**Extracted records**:
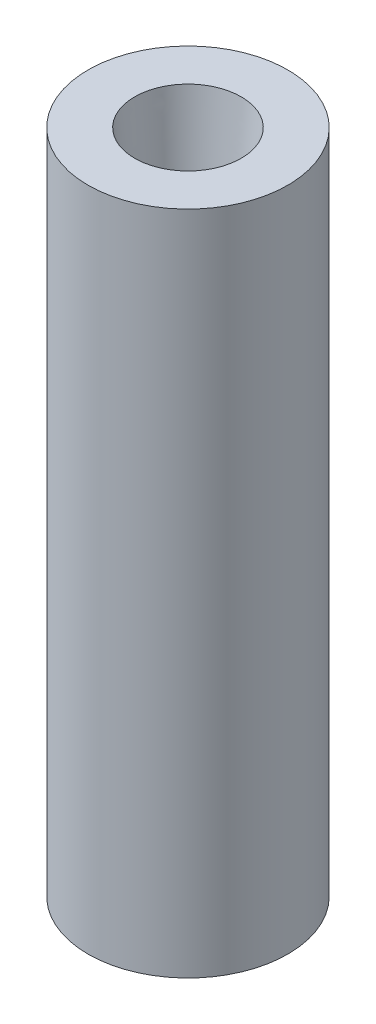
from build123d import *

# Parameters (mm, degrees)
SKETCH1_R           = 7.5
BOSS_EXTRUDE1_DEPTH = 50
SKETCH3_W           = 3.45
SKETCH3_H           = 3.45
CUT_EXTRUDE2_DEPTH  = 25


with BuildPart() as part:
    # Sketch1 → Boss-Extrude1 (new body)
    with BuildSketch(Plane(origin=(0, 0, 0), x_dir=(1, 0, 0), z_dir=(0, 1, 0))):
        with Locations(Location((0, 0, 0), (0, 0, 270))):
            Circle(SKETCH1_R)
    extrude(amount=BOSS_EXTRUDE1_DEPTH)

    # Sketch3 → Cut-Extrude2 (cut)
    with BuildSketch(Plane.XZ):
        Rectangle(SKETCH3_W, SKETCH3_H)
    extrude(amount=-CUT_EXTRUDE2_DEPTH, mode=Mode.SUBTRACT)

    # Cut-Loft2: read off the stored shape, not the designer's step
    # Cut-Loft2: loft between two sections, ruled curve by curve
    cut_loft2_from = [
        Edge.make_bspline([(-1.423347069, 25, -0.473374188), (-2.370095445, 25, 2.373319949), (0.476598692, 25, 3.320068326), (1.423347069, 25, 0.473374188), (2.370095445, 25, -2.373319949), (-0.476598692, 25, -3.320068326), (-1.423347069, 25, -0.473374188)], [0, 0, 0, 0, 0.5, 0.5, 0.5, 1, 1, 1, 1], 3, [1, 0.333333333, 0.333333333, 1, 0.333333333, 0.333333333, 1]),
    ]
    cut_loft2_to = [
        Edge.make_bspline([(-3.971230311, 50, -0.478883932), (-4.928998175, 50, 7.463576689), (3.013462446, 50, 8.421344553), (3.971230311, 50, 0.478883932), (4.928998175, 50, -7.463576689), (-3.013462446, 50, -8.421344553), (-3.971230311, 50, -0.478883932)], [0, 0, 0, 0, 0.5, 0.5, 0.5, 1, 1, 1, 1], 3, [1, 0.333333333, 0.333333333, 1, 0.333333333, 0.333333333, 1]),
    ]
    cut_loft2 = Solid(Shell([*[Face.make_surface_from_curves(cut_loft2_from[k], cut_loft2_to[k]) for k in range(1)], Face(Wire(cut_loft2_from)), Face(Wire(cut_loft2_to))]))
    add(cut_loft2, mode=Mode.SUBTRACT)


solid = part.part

**What the task asks**: Some lines above contain the word "with". Copy each of them.

**Answer area**:
with BuildPart() as part:
    with BuildSketch(Plane(origin=(0, 0, 0), x_dir=(1, 0, 0), z_dir=(0, 1, 0))):
        with Locations(Location((0, 0, 0), (0, 0, 270))):
    with BuildSketch(Plane.XZ):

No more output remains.